WHAT YOU SHOULD DO: Filter the entries down to the lines containing "Inventor", and copy those lines.

--

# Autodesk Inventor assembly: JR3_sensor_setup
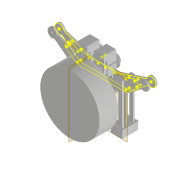
[picture p0: Inventor's stored thumbnail of the model, 180x180]
Saved by Autodesk Inventor 2022 (Build 260153000, 153)
## iProperties
Created: 2022-12-25
Part Number: JR3_sensor_setup
Document SubType Name: Assembly
Designer: dell
Author: dell
## Documents named in this file (4)
- D:\xxxx\Uni\Part IV\MECHENG_700\Part_IV_project_CAD\Bird_skeleton_prototypes\Wing_drone_V1\JR3_sensor_setup\JR3_sensor_setup.iam
- D:\xxxx\Uni\Part IV\MECHENG_700\Part_IV_project_CAD\Bird_skeleton_prototypes\Wing_drone_V1\JR3_sensor_setup\JR3_sensor.ipt
- D:\xxxx\Uni\Part IV\MECHENG_700\Part_IV_project_CAD\Bird_skeleton_prototypes\Wing_drone_V1\Bird_wing_V2\Wing_shoulder\Shoulder_support_assembly.iam
- D:\xxxx\Uni\Part IV\MECHENG_700\Part_IV_project_CAD\Bird_skeleton_prototypes\Wing_drone_V1\JR3_sensor_setup\Plate_0.ipt
## Components (3 placed, 3 different names)
1. JR3_sensor:1 — Mate:1, Mate:2, Mate:3, Mate:4
2. Shoulder_support_assembly:2 [sub-assembly] — Mate:1, Mate:5, Mate:6
3. Plate_0:1 — Mate:2, Mate:3, Mate:4, Mate:5, Mate:6
## Relationships (6: Mate 6)
- Mate:1: JR3_sensor:1 ↔ Shoulder_support_assembly:2
- Mate:2: JR3_sensor:1 ↔ Plate_0:1
- Mate:3: JR3_sensor:1 ↔ Plate_0:1
- Mate:4: JR3_sensor:1 ↔ Plate_0:1
- Mate:5: Shoulder_support_assembly:2 ↔ Plate_0:1
- Mate:6: Shoulder_support_assembly:2 ↔ Plate_0:1

--

TASK RESULT:
# Autodesk Inventor assembly: JR3_sensor_setup
[picture p0: Inventor's stored thumbnail of the model, 180x180]
Saved by Autodesk Inventor 2022 (Build 260153000, 153)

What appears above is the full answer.